Hi, Just wondering if I could use the fried onions I have in the freezer for fresh ones in a curry I'm making today?

, on 4/3/2019 01:36pm

Yes of course you can. See here;

https://www.mamtaskitchen.com/recipe_display.php?id=13933

topconker, on 4/3/2019 05:25pm

the recipe calls for 3 large onions, what would that mean in the fried ones?

Mamta, on 4/3/2019 08:54pm

Probably around 3 full/generous tbsp. full. How much main ingredient by weight? After you have added onions, taste the sauce and see if it need more. It probably will be enough.

topconker, on 5/3/2019 09:46pm

Thank you Mamta, used 3 and tasted lovely.

Mamta, on 6/3/2019 06:55am

:)

topconker, on 6/3/2019 01:17pm

It was 900 gms of chicken breast

Helen Bach, on 6/3/2019 11:19pm

can't underestimate the contribution of frying raw onions is to a dish, they provide vital sulphur containing flavours, essential when cooking meat. Garlic contains even more sulphur groups, and as with onions, should be fried with the meat for full flavour.

Mamta, on 8/3/2019 11:26am

"can't underestimate the contribution of frying raw onions is to a dish, they provide vital sulphur containing flavours, essential when cooking meat. Garlic contains even more sulphur groups, and as with onions, should be fried with the meat for full flavour."

I knew that Sulphur rich soil is good for growing flavoursome onions, and that you need to fry them to brown, to release the best flavours, most Indian dishes require that. But I did not know that flavours in onions were contained in sulphur compounds. It is always interesting to understanding the chemistry/science behind these things. My late dad, a chemist, was always telling us scientific reasons behind certain things happening in the kitchen. I wish I had paid more attention ;)!

When making Indian gravies/sauces for curries/biriyanies/vegetable bhajies or for tempering dals etc., most Indians fry onions to quite dark brown, unlike in English/Western cuisine, where you often just soften them. We frequently use freshly fried to dark brown onions as a garnish on pilafs (pulao to us), biryanies, rich vegetable dishes with dark brown/deep fried onions. I always fry a lot of onions when making burgers or having a BBQ. They are popular hot dogs and burgers. There are never any left!

I do keep a packet of pre-fried onion in my freezer though, to use when I am in a hurry. they give pretty well flavoured curry sauce/gravy.
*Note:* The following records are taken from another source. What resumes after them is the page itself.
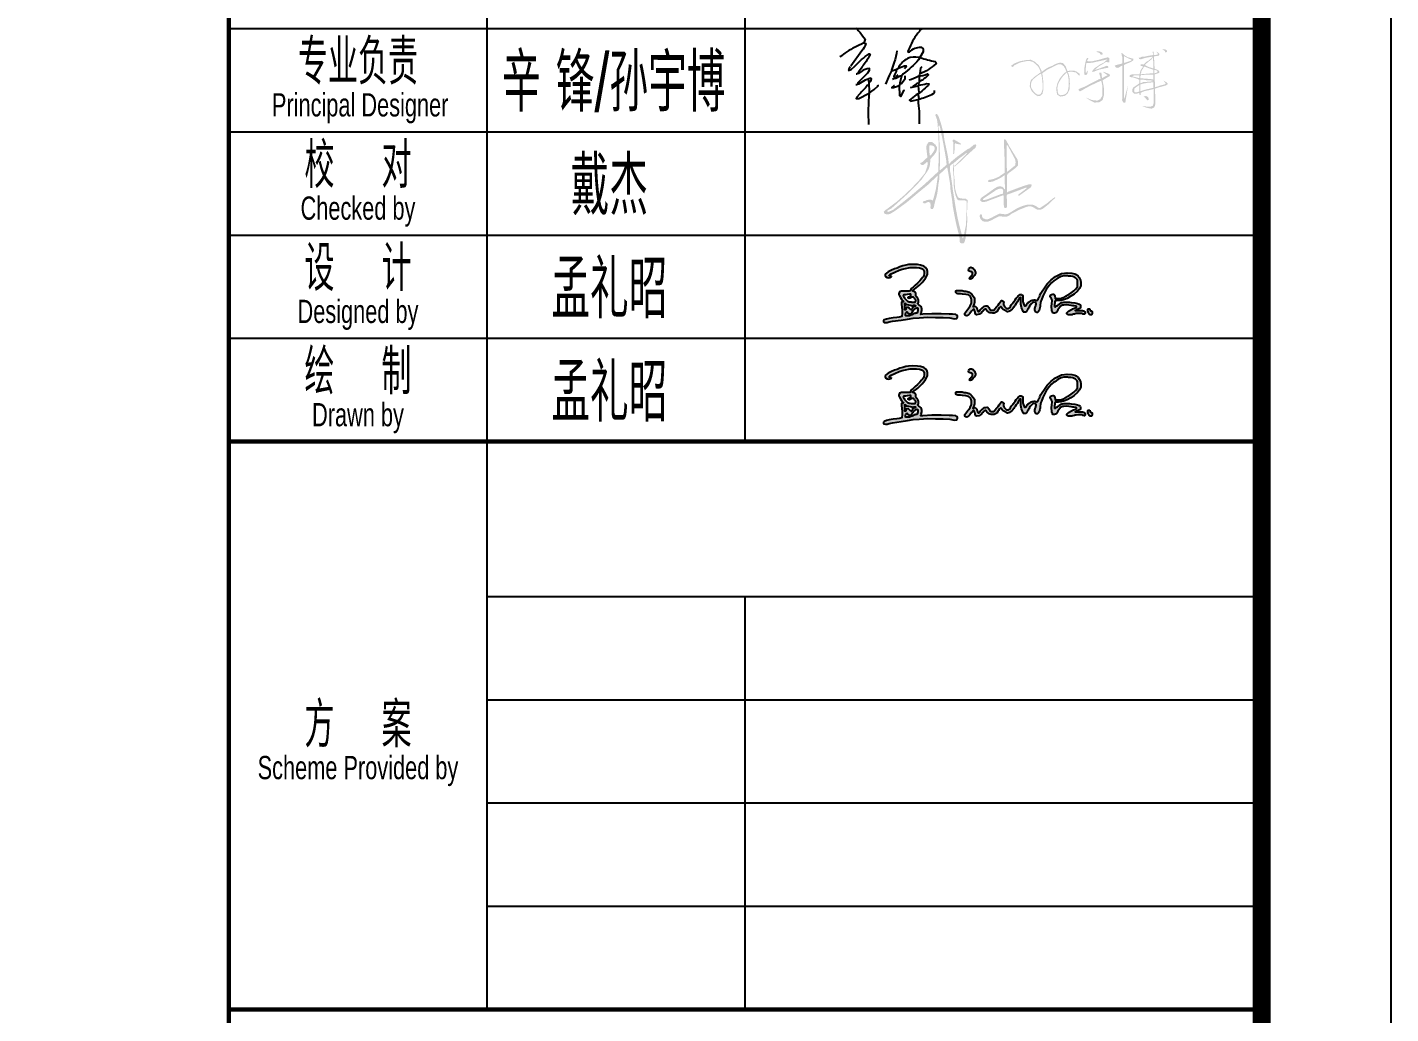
# Model space of a CAD drawing. Header units: millimetres. Extents: x 1337745 to 1642153, y -192803 to 266425.
# Drawn here: x 1615705 to 1642109, y 84425 to 103529 of the extents above; entities that cross this region are included whole.
import ezdxf
from ezdxf.enums import TextEntityAlignment as Align

# ---------------------------------------------------------------- set-up
doc = ezdxf.new("R2010")
doc.units = ezdxf.units.MM
doc.header["$LTSCALE"] = 1000
doc.header["$MEASUREMENT"] = 0
for name, color, linetype in [('LABEL_FIXBOX_PM', 7, 'Continuous'), ('LABEL_FIXTXT_PM', 3, 'Continuous'), ('LABEL_TXT_PM', 1, 'Continuous'), ('Road', 4, 'Continuous'), ('外轮廓线', 6, 'Continuous')]:
    doc.layers.add(name, color=color, linetype=linetype)
doc.styles.add('LABEL_FIXTXT_PM', font='pm_njadri_r.shx', dxfattribs={"width": 0.7, "bigfont": 'pm_njadri_hztxt.shx'})
doc.styles.add('LABEL_TXT_PM', font='pm_njadri_romans1.shx', dxfattribs={"width": 0.7, "bigfont": 'pm_njadri_hztxt.shx'})

# ---------------------------------------------------------------- blocks, each defined once
blk = doc.blocks.new('PMSHEET_A0_20091030')
at = {"layer": 'LABEL_FIXBOX_PM'}
for p, q in [((111900, 11350), (111900, 22950)), ((113900, 15750), (113900, 22950)), ((109900, 18950), (117900, 18950)), ((109900, 18150), (117900, 18150)), ((109900, 17350), (117900, 17350)), ((109900, 16550), (117900, 16550)), ((113900, 11350), (113900, 14550)), ((111900, 13750), (117900, 13750)), ((111900, 12950), (117900, 12950)), ((111900, 12150), (117900, 12150))]:
    blk.add_line(p, q, dxfattribs=at)
blk.add_lwpolyline([(0, 84100), (118900, 84100), (118900, 0), (0, 0)], close=True, dxfattribs=at)
at = {"layer": 'LABEL_FIXBOX_PM', "const_width": 140}
blk.add_lwpolyline([(117900, 83100), (2500, 83100), (2500, 1000), (117900, 1000)], close=True, dxfattribs=at)
at = {"layer": 'LABEL_FIXBOX_PM', "const_width": 35}
for points in [[(109900, 1000), (109900, 83100)], [(109900, 15750), (117900, 15750)], [(109900, 11350), (117900, 11350)]]:
    blk.add_lwpolyline(points, dxfattribs=at)
at = {"layer": 'LABEL_FIXBOX_PM'}
blk.add_lwpolyline([(111900, 14550), (117900, 14550)], dxfattribs=at)
at = {"layer": 'LABEL_FIXTXT_PM', "style": 'LABEL_FIXTXT_PM', "width": 0.7}
for s, height, p in [('专业负责', 350, (110900, 18709)), ('Principal Designer', 180, (110917, 18336)), ('校    对', 350, (110900, 17909)), ('Checked by', 180, (110900, 17536)), ('设    计', 350, (110900, 17109)), ('Designed by', 180, (110900, 16736)), ('绘    制', 350, (110900, 16309)), ('Drawn by', 180, (110900, 15936)), ('方    案', 350, (110900, 13575)), ('Scheme Provided by', 180, (110900, 13202))]:
    blk.add_text(s, height=height, dxfattribs=at).set_placement(p, align=Align.MIDDLE)
blk = doc.blocks.new('23456')
at = {"color": 2}
for points in [[(763729, 97846, -0.059784), (763789, 97778), (763811, 97748), (763806, 97731), (763801, 97718), (763819, 97711, -0.105759), (763784, 97648), (763689, 97516)], [(764300, 97835), (764283, 97825), (764278, 97815, 0.094162), (764193, 97675), (764180, 97645), (764183, 97637), (764193, 97640, -0.217056), (764293, 97680), (764310, 97667), (764310, 97640), (764283, 97590), (764273, 97590, 0.176727), (764175, 97582, 0.119751), (764100, 97510), (764103, 97500)], [(763801, 97718), (763781, 97706, 0.060471), (763639, 97628), (763601, 97601), (763596, 97598)], [(763724, 97516, -0.067856), (763846, 97623), (763854, 97616, -0.046509), (763796, 97523), (763789, 97516)], [(764085, 97650, -0.090271), (764060, 97552), (764038, 97482), (764038, 97477), (764018, 97437), (763988, 97362)], [(764278, 97587), (764270, 97572, -0.060715), (764140, 97452), (764123, 97430), (764113, 97430), (764075, 97412), (764063, 97412), (764048, 97402)], [(764285, 97590, 0.023102), (764413, 97557), (764423, 97547), (764418, 97537, -0.074432), (764285, 97450), (764283, 97450)], [(763851, 97291), (763846, 97376, 0.32399), (763866, 97408), (763861, 97413, 0.098785), (763799, 97388), (763754, 97363), (763739, 97358), (763731, 97356)], [(763751, 97363), (763751, 97378), (763834, 97461), (763849, 97483), (763849, 97498, 0.147217), (763781, 97471), (763754, 97453), (763749, 97453), (763739, 97448), (763736, 97448)], [(764190, 97400, 0.045349), (764268, 97430, 0.044342), (764348, 97450), (764355, 97442, -0.095169), (764280, 97385), (764278, 97385)], [(763846, 97356), (763831, 97351, -0.038391), (763764, 97278), (763741, 97251), (763736, 97238), (763759, 97238), (763841, 97281), (763846, 97281)], [(763845, 97016, -0.03567), (763849, 97288), (763891, 97316), (763924, 97348), (763921, 97356)], [(764203, 97335), (764268, 97347), (764275, 97355, 0.037079), (764340, 97367), (764358, 97365), (764355, 97355, -0.071518), (764235, 97260), (764193, 97225), (764205, 97217), (764265, 97230), (764268, 97227)], [(764280, 97023, -0.024017), (764278, 97130, -0.026138), (764270, 97225), (764270, 97232), (764275, 97237), (764285, 97237, 0.069122), (764398, 97282), (764408, 97295), (764408, 97307)]]:
    blk.add_lwpolyline(points, format="xyb", dxfattribs=at)
for points in [[(763666, 97481), (763691, 97488), (763724, 97516)], [(763674, 97483), (763674, 97493), (763686, 97513)], [(763751, 97456), (763754, 97468), (763786, 97511), (763791, 97516)], [(764040, 97477), (764085, 97490), (764098, 97500), (764120, 97507), (764150, 97520), (764163, 97520), (764158, 97505), (764150, 97495)], [(764298, 97510), (764288, 97500), (764283, 97455), (764280, 97442), (764275, 97435), (764275, 97377), (764268, 97370), (764253, 97365), (764225, 97345), (764225, 97340)], [(763839, 97406), (763844, 97381), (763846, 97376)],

Helen Bach, on 9/3/2019 10:51pm

yes, sulphur-rich soil. The sulphur chemicals enter the onion by the roots, obviously, then it may come as no surprise that the root end of the onion contains the most sulphur, and this gets less the further away from the root the onion flesh is. So when one cuts up an onion, I always cut the root end a little finer. And I leave as much of the root end as I can, as this is where the flavour is concentrated. But, the sulphur compounds in onions combine with other chemicals in meat, for example, to make 'meaty' flavours, just as sugary foods combine with meat to produce the deeply satisfying flavours of roast meats (if one isn't a vegetarian!). To this end, I have found that Aldi are selling coconut nectar (sugar from coconut flowers) which, when added to meats (especially mince for burgers, kebabs and the like) provides the 'reducing sugars' necessary for the reaction.

My mix for meat, now, is usually salt, black pepper, celery seed and coconut nectar. Added sparingly, it seems to bring out the flavour of the meat without overpowering it, I find. The salt is either sea salt or Himalayan rock salt, the pink kind, not the black (volcanic) one!